Qubits and Nanosensors in a 2D Material

New research pins quantum technological hopes on a graphenelike semiconducting material

3 min read

Room-temperature quantum technology: Atomic spins trapped in defects in the two-dimensional material hexagonal boron nitride are sensitive to magnetic fields, and their states can be accessed via lasers, enabling them to be used as qubits.
Illustration: Ann Sizemore Blevins

A new study has discovered rarified quantum properties in an everyday material that could yield a new approach to quantum computers and extremely sensitive measuring devices.

In one sense, the research represents only a small step forward, because these quantum properties are already well studied and understood in other materials and experimental setups. But in another, it may be an important departure point because discovering ways to manipulate such submicroscopic phenomena in cheap, accessible, everyday materials would solve the paradox of quantum technologies today.

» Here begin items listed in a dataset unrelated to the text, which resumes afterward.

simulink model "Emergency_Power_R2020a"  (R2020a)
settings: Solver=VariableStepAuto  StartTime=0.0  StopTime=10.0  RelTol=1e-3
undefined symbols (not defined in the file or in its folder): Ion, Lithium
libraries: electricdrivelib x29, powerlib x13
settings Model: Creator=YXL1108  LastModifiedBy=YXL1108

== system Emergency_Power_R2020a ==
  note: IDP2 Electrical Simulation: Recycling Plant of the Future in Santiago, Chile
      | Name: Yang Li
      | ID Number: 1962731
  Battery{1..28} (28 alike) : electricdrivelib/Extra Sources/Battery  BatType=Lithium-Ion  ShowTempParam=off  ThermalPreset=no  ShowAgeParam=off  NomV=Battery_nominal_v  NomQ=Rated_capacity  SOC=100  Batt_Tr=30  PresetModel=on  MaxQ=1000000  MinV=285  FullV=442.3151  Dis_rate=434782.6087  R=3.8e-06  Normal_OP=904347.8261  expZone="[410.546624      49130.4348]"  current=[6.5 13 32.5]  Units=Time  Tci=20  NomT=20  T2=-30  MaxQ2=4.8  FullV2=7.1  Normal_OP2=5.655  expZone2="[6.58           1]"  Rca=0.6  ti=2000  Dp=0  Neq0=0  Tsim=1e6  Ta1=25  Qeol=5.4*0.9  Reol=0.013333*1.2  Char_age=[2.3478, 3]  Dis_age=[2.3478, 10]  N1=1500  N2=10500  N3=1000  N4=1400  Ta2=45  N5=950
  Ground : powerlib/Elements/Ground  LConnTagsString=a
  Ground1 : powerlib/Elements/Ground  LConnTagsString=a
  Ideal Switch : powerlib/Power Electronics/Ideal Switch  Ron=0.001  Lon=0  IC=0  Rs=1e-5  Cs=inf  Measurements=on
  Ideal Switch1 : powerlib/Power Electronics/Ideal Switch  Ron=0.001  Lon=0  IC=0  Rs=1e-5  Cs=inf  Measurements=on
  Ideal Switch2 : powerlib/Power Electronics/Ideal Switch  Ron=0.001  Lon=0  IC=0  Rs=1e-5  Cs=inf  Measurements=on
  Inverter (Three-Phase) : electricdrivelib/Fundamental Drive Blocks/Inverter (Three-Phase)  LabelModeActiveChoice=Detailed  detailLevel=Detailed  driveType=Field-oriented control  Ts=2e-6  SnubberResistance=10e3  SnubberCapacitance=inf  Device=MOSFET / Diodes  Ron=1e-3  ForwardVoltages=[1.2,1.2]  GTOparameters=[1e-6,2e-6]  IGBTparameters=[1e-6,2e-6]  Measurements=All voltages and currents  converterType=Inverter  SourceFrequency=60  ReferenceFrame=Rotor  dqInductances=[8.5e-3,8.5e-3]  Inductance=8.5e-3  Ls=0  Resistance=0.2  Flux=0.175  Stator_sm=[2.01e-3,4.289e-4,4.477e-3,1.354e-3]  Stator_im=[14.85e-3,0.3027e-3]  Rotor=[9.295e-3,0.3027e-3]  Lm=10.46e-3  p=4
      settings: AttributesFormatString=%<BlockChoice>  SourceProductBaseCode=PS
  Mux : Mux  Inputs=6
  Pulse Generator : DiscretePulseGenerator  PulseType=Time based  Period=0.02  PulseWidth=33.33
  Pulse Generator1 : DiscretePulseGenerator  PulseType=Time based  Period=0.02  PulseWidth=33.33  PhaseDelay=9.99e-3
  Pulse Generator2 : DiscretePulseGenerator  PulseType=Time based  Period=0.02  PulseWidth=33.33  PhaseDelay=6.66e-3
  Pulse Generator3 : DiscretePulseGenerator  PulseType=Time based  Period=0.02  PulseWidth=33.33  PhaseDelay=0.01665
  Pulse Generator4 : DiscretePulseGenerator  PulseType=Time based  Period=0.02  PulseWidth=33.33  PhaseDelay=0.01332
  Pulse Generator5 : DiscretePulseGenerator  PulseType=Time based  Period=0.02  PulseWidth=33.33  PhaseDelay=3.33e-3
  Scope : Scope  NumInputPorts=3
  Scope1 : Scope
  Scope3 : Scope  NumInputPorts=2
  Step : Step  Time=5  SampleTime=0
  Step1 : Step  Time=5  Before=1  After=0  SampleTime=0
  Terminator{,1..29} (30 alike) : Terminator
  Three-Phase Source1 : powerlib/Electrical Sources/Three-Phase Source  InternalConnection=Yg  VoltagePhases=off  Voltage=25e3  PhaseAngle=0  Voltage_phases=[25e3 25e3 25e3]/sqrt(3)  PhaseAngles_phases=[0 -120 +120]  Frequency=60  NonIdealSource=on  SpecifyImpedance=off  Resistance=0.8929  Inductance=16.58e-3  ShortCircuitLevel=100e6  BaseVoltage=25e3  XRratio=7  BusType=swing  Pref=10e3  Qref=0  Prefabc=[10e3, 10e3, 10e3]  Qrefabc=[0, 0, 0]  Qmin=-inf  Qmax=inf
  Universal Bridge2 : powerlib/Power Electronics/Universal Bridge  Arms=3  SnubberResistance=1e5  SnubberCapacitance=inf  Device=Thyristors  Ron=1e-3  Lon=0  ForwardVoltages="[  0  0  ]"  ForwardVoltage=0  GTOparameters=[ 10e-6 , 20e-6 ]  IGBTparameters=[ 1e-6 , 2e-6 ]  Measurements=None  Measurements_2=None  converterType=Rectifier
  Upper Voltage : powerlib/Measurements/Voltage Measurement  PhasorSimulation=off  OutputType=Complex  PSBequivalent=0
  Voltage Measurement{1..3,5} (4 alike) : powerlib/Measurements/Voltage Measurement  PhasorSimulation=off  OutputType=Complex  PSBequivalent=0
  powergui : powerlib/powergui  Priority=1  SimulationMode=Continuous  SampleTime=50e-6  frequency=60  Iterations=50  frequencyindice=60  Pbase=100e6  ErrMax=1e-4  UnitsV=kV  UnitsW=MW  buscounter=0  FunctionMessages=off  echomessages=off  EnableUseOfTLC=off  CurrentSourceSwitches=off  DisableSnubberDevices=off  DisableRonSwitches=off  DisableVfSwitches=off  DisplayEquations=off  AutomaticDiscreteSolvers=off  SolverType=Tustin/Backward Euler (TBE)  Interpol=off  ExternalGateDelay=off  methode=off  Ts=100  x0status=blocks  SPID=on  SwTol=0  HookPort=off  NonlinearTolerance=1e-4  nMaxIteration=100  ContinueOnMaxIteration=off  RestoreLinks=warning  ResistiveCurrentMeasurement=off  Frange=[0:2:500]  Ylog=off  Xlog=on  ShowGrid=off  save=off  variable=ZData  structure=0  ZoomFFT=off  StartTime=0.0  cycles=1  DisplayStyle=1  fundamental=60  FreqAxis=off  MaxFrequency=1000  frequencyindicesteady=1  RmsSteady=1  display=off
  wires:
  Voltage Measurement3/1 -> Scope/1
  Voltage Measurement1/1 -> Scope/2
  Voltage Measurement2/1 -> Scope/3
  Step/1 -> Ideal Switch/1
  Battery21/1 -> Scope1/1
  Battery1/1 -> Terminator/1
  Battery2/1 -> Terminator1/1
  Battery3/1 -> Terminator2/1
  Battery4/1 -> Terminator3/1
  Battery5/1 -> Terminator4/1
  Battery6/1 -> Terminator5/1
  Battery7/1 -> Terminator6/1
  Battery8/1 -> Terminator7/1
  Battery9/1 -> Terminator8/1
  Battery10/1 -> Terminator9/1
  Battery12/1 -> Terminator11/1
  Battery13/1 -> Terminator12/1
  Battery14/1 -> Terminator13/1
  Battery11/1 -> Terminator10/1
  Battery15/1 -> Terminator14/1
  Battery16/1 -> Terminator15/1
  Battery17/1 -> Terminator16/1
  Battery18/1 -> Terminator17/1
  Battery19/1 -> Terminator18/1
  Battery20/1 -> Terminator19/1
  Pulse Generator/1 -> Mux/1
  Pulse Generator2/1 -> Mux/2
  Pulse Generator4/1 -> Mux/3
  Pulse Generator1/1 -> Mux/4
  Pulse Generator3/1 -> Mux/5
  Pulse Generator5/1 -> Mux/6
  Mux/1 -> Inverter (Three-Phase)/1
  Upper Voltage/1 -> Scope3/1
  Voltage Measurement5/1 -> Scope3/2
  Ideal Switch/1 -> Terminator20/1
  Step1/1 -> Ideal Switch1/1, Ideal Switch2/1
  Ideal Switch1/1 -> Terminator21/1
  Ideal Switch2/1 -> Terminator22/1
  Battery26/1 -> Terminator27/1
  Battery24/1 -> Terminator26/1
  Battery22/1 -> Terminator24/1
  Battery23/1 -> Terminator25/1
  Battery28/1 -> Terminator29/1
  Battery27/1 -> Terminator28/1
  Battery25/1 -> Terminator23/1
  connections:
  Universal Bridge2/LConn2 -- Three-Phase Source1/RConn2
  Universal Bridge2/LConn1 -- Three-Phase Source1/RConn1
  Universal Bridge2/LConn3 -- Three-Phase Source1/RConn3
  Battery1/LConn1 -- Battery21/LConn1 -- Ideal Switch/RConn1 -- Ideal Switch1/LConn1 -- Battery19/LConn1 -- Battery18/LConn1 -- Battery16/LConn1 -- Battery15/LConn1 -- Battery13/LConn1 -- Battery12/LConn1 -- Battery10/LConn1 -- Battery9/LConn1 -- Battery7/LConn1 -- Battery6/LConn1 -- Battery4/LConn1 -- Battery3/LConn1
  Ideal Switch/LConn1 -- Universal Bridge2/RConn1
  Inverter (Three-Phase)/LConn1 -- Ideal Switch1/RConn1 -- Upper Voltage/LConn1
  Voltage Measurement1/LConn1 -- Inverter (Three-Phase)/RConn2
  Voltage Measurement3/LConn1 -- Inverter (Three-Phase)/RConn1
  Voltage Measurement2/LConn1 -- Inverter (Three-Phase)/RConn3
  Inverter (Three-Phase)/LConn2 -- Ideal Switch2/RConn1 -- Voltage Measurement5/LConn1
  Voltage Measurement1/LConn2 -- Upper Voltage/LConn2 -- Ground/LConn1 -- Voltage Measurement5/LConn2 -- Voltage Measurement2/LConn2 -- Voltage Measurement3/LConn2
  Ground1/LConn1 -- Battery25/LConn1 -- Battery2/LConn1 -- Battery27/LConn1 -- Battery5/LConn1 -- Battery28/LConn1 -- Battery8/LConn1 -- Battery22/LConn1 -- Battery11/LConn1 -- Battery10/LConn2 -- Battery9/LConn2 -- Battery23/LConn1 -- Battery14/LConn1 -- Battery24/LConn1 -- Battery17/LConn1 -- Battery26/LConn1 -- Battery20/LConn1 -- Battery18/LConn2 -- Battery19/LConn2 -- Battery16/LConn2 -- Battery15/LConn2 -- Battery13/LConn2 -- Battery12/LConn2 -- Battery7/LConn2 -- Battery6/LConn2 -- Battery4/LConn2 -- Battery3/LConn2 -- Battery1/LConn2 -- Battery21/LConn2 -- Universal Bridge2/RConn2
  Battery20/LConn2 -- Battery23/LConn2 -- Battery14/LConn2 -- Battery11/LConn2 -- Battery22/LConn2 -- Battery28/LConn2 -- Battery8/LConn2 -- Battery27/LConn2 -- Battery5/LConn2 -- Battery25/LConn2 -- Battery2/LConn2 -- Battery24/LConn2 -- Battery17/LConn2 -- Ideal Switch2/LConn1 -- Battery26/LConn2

The paradox goes something like this: If quantum states—such as an individual electron’s spin—an be easily manipulated and lashed to other individual electron spins, they open up a cornucopia of applications including quantum computers, microscopic atomic clocks, GPS units, and extremely fine measuring devices such as nanoscale microscopes, hypersensitive accelerometers, and divining rods capable of detecting gas deposits, biomolecules, and weapons of mass destruction.

But as of this point, tapping such tiny technological potential typically requires gigantic, clumsy laboratory devices like vacuum chambers, cryogenic coolers, and laser atom traps. Which is why discovering the right host material would be so significant. Tiny quantum technologies in a tiny device or microchip would be revolutionary.

The new research, published in the 15 January issue of Nature Communications, concerns extremely thin layers of a 2D material laid out in a hexagonal grid much like the carbon supermaterial graphene. But, unlike electrically conductive graphene, this material, called hexagonal boron nitride (h-BN), is a semiconductor.

As with semiconductor breakthroughs of the 1940s and ’50s that enabled the computer revolution from which we have derived myriad benefits, the h-BN discovery harnesses defects in the material’s lattice. Certain defects—though the researchers have yet to discover which—appear to shield individual electron spins deep within the semiconductor’s wide bandgap.

“Quantum information science and quantum engineering is a constant battle between isolation and control,” says Lee Bassett, assistant professor of electrical and systems engineering at the University of Pennsylvania. “We need things to be isolated so they are not randomly talking to everything in their environment. But we need them to talk to their environment because we need to control them.”

Bassett says some quantum technologies have already sprung up around an analogous 3D material—diamond that contains nitrogen defects sprinkled through its carbon lattice. Diamonds with so-called nitrogen vacancies (NV) have been studied since the late 1990s. Researchers have since discovered these NV diamond defects could shelter long-lived individual electron spins. Bassett says there are today several companies pursuing quantum technologies using NV centers in diamond. 

Yet, NV in diamond is a 3D material. So controlling individual states, let alone dozens or hundreds entangled together, is very challenging.

Conversely, because h-BN is a 2D material, each pocket that contains a manipulable electron spin can be addressed relatively easily by a laser from above or below. But the challenge of working with diamonds may still be worth the effort. “The key to nitrogen vacancies in diamond is their incredible robustness in extreme conditions,” says Bassett.

The upshot is that, even if h-BN takes off as a substrate for many quantum technologies, NV in diamond could still be important for applications that require resistance to hot or electromagnetically noisy environments.

But the path forward with hexagonal boron nitride seems much simpler. Another reason is that “the strength of the 2D material is its flexibility to engineer it in different ways,” Bassett says. Chief among its attractive physical properties is that it can also be sandwiched on top of other materials to engineer hybrid quantum technologies.

“That’s the kind of thing that’s happening in 2D materials,” Bassett says. “People learn how to grow these things, and they learn how to stack them; they’re exploring different combinations.”

Among the many possible sandwiches that can be made by stacking h-BN with other 2D systems are those that would have “applications in quantum information science—which can span from things like quantum processors that can be controlled very precisely and quickly, and quantum memories that can store quantum information for a long time, to quantum communication links that have to interact strongly with photons.”

So keep an eye out for hexagonal boron nitride, Bassett says. Whether it’s the new silicon or germanium for quantum technologies will be borne out in future experiments by his group and others around the world.

This post was updated on 21 February 2019.